The problem: Your answer should be the exact lines of the data below from the one containing "#171=EDGE_CURVE('E111',#170,#162,#168,.T.);" through the one containing "#189=VECTOR('',#188,1.);"; please include nothing else.

Records to process:
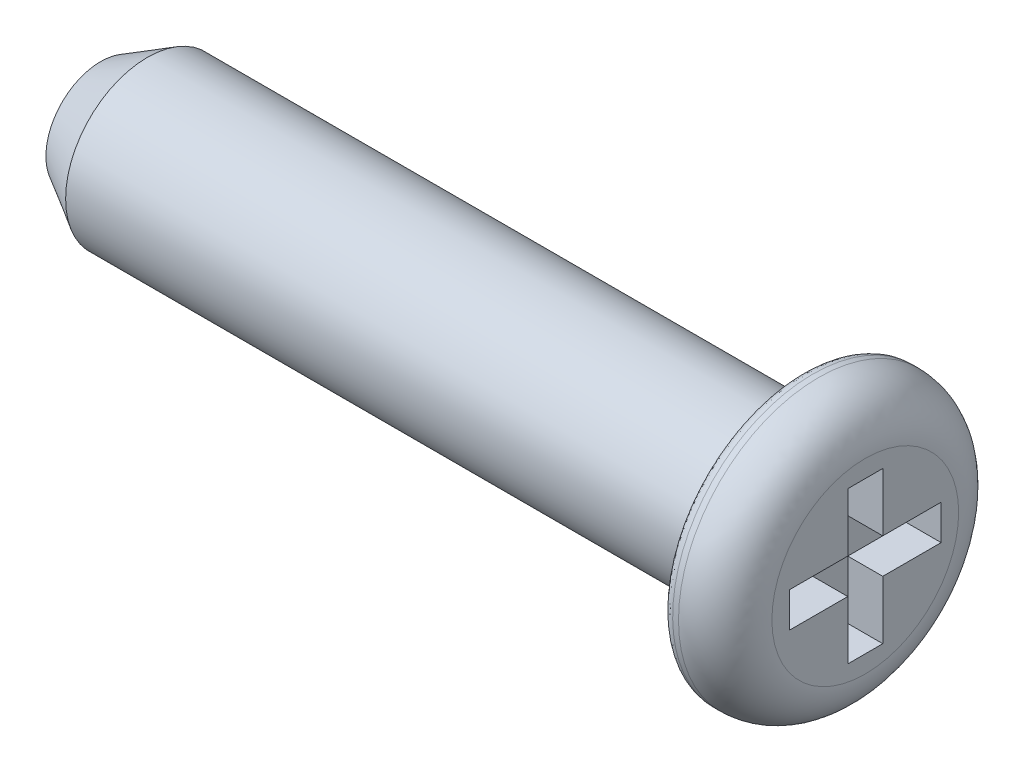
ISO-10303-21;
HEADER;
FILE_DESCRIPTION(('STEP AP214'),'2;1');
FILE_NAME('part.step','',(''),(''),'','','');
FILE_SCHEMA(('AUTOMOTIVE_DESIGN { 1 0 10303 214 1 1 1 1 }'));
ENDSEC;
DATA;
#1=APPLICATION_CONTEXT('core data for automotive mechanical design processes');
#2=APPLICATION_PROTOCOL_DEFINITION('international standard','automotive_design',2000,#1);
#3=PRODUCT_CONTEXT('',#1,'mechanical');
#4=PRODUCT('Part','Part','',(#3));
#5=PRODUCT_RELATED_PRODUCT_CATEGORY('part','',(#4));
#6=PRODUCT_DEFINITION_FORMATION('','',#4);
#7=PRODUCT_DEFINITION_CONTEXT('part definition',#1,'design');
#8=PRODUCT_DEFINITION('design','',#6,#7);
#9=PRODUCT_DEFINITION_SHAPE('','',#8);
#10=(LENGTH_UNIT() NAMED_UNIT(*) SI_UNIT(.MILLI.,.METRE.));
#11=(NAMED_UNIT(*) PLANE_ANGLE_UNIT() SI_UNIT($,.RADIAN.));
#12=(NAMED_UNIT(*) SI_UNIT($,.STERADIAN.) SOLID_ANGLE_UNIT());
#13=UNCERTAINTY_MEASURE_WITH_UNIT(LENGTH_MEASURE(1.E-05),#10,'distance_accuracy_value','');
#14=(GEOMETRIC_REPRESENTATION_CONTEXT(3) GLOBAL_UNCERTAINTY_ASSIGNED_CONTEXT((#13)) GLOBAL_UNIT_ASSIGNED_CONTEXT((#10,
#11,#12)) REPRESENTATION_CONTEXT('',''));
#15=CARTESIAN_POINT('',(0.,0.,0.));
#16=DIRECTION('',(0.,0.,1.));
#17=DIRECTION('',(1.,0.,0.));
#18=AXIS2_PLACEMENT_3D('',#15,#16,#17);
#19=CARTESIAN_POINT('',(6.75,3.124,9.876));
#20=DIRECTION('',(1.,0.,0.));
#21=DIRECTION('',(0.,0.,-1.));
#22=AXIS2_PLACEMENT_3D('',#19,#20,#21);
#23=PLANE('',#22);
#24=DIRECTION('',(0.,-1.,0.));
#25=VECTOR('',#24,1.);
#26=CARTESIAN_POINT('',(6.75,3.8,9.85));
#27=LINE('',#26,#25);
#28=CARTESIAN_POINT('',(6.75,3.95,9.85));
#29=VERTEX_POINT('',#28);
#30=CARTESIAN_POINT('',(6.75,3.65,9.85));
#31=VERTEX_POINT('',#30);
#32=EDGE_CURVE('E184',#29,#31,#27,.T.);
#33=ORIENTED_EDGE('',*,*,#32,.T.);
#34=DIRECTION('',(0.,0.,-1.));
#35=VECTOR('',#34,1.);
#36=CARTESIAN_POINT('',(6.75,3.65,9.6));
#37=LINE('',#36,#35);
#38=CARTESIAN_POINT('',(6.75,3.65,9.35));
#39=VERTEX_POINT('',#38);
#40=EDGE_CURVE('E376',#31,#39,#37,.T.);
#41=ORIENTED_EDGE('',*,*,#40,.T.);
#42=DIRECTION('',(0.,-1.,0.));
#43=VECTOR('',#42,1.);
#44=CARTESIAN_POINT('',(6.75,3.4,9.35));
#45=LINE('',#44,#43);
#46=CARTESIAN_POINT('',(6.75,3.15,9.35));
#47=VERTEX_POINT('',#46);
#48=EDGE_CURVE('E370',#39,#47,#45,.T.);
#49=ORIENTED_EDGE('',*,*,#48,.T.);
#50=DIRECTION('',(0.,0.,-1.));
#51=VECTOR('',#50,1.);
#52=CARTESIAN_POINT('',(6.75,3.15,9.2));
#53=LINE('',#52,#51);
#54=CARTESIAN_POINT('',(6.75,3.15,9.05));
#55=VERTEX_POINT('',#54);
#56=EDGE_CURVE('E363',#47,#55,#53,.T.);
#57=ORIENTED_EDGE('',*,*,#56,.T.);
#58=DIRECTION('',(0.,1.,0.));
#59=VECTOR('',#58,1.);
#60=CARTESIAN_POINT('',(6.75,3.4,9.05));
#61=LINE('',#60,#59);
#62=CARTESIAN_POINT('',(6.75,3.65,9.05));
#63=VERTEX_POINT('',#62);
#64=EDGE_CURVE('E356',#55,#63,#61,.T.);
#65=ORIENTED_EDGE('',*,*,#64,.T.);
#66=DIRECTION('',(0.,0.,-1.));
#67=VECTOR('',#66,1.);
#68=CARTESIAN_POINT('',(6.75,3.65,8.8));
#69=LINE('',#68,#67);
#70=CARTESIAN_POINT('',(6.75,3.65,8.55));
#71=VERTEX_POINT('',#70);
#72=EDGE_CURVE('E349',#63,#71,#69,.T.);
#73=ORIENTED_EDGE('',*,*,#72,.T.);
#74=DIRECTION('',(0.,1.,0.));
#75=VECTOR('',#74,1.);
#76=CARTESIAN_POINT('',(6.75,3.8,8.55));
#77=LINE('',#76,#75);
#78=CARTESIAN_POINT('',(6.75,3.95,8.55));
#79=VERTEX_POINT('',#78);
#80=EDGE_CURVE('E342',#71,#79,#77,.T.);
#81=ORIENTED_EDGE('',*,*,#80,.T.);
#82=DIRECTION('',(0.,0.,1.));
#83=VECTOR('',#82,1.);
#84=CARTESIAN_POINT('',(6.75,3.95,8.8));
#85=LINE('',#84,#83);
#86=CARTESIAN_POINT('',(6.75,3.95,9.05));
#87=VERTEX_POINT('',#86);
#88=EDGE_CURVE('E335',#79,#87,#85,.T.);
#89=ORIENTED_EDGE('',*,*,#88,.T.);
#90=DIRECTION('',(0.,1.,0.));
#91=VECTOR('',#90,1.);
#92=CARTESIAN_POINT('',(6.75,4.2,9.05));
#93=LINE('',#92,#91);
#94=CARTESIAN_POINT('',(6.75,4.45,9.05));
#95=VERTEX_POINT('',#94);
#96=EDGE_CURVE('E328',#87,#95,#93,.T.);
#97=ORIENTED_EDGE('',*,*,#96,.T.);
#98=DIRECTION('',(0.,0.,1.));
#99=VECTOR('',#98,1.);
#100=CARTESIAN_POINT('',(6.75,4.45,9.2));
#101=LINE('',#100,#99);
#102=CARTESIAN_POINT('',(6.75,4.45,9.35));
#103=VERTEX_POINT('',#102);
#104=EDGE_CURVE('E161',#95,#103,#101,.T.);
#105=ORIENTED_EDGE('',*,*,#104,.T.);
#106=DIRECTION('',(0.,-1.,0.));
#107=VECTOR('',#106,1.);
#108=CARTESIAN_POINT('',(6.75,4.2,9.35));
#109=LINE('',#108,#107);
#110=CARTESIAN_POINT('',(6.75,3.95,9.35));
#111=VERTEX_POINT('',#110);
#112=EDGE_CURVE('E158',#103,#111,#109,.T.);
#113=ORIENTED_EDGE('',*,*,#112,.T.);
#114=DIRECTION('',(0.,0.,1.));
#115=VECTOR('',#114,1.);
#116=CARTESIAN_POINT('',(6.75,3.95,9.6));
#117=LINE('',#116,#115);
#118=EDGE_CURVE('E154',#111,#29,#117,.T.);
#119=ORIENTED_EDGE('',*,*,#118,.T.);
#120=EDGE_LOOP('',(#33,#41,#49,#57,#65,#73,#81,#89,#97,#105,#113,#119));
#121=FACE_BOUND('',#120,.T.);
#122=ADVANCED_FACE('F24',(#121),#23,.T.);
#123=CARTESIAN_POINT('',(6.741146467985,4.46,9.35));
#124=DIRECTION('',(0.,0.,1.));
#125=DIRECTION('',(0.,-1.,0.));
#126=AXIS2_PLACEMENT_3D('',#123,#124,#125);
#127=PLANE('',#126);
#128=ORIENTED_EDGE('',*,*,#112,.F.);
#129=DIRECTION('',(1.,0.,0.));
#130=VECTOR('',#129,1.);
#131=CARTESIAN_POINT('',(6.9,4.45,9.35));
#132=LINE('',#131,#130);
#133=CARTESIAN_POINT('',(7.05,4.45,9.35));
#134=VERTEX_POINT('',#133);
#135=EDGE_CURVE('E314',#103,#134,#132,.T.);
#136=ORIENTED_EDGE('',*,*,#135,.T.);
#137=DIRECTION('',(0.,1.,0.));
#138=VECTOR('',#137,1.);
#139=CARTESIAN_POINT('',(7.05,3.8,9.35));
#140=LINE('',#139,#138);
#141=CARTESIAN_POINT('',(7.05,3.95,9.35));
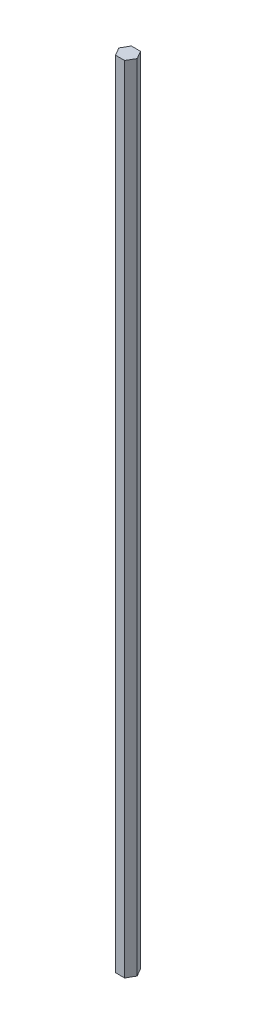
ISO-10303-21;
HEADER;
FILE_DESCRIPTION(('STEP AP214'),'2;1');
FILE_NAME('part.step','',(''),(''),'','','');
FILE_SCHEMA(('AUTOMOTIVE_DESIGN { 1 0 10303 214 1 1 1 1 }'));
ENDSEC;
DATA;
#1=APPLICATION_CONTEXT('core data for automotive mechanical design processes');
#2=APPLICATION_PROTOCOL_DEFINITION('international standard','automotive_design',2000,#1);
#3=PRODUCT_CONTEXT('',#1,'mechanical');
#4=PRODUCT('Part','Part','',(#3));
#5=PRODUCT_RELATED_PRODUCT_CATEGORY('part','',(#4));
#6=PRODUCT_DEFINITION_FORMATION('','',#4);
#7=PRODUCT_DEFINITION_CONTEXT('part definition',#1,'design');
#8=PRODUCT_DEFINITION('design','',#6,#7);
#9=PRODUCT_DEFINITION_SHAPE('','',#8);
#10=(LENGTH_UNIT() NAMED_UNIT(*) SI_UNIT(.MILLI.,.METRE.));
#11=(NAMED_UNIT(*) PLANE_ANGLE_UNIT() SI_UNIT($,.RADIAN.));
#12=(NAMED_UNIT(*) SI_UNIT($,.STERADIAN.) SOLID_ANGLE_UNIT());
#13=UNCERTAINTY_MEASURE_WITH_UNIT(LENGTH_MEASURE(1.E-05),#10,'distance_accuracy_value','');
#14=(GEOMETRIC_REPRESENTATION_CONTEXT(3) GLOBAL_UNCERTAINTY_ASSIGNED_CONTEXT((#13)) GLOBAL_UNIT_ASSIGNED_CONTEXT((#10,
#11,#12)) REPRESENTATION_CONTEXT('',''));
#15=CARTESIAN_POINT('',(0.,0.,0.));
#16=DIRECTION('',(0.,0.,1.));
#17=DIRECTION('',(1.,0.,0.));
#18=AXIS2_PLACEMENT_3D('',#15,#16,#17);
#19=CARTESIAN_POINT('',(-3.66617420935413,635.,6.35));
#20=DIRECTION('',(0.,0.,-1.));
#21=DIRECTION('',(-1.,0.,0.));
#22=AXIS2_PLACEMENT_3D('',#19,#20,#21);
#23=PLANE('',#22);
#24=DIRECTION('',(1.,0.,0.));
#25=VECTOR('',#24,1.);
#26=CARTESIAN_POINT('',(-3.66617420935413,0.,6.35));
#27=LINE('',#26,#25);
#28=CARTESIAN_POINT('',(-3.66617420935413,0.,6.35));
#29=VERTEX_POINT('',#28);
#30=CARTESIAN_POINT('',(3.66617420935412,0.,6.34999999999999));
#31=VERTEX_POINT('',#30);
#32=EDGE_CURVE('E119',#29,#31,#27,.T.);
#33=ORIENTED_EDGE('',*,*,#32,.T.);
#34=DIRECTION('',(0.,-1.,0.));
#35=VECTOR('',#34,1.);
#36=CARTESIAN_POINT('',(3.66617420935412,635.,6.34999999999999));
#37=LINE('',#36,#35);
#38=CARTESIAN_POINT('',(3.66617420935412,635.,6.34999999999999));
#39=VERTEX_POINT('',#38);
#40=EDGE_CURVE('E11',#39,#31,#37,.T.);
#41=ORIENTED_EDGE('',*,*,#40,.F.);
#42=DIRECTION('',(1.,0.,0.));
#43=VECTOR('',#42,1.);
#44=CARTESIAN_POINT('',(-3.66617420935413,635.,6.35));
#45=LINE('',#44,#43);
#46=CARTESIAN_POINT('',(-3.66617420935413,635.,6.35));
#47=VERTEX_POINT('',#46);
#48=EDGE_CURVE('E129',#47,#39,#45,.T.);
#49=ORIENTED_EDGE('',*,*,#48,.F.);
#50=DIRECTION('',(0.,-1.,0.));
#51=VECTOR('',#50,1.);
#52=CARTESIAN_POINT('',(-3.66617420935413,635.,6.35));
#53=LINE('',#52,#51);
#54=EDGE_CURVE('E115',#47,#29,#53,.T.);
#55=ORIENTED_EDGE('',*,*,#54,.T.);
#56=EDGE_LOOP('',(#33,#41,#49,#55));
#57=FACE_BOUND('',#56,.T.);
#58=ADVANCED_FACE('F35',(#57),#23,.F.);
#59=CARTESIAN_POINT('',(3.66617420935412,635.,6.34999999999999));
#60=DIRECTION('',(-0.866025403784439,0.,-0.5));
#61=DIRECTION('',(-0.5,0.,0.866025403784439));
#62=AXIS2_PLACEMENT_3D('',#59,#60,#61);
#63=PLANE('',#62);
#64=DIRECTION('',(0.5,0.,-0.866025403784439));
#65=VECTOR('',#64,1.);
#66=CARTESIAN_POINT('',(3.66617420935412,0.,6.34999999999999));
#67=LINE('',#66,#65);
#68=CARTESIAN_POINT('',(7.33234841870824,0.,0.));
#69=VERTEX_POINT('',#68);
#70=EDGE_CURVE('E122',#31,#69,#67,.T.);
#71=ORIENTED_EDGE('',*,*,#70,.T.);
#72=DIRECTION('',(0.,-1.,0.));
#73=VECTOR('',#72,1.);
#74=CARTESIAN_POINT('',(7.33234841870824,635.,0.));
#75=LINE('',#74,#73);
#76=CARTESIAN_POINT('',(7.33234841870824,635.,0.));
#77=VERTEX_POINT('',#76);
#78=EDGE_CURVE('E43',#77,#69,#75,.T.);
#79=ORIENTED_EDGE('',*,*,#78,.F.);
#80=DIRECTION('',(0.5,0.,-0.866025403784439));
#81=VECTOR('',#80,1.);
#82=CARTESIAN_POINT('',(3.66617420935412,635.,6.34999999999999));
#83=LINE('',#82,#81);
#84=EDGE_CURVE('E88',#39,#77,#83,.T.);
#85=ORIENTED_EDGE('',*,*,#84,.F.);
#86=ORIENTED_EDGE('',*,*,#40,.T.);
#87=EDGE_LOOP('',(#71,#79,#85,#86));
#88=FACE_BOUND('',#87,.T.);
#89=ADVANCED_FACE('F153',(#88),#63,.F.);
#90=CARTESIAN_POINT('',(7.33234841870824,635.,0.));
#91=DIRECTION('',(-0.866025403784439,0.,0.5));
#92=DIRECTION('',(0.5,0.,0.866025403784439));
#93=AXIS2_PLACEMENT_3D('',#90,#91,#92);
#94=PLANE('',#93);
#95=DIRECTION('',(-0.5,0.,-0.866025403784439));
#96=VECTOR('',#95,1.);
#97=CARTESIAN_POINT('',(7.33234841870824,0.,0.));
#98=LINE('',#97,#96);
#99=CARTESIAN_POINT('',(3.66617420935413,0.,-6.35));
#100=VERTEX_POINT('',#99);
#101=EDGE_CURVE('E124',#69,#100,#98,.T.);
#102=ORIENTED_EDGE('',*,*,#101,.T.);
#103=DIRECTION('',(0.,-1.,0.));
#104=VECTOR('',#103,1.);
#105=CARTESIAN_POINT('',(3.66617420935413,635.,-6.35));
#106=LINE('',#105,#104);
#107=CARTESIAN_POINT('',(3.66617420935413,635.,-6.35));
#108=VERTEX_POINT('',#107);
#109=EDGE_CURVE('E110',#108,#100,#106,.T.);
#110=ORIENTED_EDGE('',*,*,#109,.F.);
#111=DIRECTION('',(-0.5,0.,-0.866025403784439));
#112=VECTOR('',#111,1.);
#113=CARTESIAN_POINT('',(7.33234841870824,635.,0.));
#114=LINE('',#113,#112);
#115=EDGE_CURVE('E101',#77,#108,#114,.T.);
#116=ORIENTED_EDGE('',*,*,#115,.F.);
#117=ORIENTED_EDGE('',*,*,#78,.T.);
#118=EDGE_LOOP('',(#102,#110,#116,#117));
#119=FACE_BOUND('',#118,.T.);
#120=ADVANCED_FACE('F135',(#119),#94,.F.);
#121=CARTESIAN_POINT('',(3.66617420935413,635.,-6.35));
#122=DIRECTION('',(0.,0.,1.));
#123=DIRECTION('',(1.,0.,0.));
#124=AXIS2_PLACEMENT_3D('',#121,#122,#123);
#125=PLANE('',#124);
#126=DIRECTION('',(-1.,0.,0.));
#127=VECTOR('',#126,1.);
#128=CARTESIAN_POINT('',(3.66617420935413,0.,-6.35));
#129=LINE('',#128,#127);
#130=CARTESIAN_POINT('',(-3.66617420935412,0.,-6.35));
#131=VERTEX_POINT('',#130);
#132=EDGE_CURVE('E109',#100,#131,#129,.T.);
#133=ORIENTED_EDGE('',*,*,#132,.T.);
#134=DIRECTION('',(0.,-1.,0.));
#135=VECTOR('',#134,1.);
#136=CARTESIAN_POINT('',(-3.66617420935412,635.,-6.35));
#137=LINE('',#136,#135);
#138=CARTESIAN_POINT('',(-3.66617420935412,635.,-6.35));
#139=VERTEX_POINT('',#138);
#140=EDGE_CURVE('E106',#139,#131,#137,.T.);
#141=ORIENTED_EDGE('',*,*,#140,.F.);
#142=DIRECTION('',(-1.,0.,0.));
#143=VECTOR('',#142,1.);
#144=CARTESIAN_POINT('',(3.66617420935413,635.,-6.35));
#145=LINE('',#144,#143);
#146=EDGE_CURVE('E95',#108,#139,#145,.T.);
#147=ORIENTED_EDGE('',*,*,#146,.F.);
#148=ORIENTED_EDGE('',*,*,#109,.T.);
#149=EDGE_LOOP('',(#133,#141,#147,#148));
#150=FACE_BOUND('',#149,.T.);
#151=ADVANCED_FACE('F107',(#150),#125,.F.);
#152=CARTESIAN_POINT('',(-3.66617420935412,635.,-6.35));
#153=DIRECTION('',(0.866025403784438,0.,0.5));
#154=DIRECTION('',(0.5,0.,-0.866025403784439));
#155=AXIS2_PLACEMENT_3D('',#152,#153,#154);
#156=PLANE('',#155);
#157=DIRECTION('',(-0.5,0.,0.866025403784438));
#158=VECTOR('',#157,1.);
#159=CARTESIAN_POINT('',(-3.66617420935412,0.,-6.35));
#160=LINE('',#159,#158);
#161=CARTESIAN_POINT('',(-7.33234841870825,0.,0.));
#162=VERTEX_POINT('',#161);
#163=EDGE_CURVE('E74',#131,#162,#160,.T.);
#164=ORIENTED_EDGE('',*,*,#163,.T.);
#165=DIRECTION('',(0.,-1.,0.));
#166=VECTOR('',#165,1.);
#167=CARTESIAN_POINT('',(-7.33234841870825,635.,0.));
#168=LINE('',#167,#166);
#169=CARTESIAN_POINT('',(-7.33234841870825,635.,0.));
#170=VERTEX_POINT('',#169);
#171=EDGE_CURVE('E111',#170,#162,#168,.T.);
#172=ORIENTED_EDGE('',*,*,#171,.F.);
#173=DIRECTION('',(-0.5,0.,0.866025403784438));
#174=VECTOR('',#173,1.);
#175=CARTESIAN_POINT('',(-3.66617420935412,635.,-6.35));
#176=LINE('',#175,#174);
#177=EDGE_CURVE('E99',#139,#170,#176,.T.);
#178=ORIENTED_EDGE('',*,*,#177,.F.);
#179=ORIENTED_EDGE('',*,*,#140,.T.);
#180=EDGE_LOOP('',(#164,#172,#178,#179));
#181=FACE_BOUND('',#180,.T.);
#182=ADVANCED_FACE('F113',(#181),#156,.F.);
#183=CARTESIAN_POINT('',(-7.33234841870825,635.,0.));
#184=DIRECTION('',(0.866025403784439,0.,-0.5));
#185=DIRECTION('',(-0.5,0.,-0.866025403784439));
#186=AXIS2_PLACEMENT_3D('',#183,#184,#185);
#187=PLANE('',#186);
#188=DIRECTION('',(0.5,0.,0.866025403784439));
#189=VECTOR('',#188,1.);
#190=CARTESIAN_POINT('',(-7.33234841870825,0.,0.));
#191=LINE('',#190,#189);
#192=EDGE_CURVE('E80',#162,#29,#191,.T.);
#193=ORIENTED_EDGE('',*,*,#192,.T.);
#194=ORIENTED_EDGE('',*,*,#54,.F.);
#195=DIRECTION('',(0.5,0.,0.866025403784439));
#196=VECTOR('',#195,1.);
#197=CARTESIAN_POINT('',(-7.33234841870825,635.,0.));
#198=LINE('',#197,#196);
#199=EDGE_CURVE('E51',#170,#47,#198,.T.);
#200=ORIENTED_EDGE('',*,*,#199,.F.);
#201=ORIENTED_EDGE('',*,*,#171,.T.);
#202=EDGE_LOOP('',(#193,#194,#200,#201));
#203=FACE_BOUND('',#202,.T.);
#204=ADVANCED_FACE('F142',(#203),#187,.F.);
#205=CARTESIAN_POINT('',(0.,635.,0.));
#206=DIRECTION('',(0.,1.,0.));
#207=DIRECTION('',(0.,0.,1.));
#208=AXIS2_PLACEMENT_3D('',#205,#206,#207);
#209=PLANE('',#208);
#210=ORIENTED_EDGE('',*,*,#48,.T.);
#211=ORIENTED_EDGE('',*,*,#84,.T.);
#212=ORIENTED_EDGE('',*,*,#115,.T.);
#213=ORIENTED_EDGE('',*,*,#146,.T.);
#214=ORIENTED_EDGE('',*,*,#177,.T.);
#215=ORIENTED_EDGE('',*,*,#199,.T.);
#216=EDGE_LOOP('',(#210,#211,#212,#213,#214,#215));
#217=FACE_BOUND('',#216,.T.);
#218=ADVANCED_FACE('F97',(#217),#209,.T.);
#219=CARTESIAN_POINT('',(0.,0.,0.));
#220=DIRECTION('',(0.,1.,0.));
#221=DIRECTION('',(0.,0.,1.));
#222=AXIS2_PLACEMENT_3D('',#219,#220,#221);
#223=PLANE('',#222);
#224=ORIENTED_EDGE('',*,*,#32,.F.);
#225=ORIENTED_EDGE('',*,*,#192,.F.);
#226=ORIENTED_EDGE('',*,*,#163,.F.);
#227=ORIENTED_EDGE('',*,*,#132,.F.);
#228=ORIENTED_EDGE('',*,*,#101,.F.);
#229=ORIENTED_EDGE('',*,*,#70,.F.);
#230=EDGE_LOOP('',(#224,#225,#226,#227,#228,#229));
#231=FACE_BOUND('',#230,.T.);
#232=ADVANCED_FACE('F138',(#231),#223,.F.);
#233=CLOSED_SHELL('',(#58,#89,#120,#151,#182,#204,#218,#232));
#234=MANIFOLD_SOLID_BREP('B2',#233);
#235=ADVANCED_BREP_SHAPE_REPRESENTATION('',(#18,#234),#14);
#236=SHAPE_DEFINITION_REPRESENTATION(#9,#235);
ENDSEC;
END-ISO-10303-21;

Exercise answer:
#171=EDGE_CURVE('E111',#170,#162,#168,.T.);
#172=ORIENTED_EDGE('',*,*,#171,.F.);
#173=DIRECTION('',(-0.5,0.,0.866025403784438));
#174=VECTOR('',#173,1.);
#175=CARTESIAN_POINT('',(-3.66617420935412,635.,-6.35));
#176=LINE('',#175,#174);
#177=EDGE_CURVE('E99',#139,#170,#176,.T.);
#178=ORIENTED_EDGE('',*,*,#177,.F.);
#179=ORIENTED_EDGE('',*,*,#140,.T.);
#180=EDGE_LOOP('',(#164,#172,#178,#179));
#181=FACE_BOUND('',#180,.T.);
#182=ADVANCED_FACE('F113',(#181),#156,.F.);
#183=CARTESIAN_POINT('',(-7.33234841870825,635.,0.));
#184=DIRECTION('',(0.866025403784439,0.,-0.5));
#185=DIRECTION('',(-0.5,0.,-0.866025403784439));
#186=AXIS2_PLACEMENT_3D('',#183,#184,#185);
#187=PLANE('',#186);
#188=DIRECTION('',(0.5,0.,0.866025403784439));
#189=VECTOR('',#188,1.);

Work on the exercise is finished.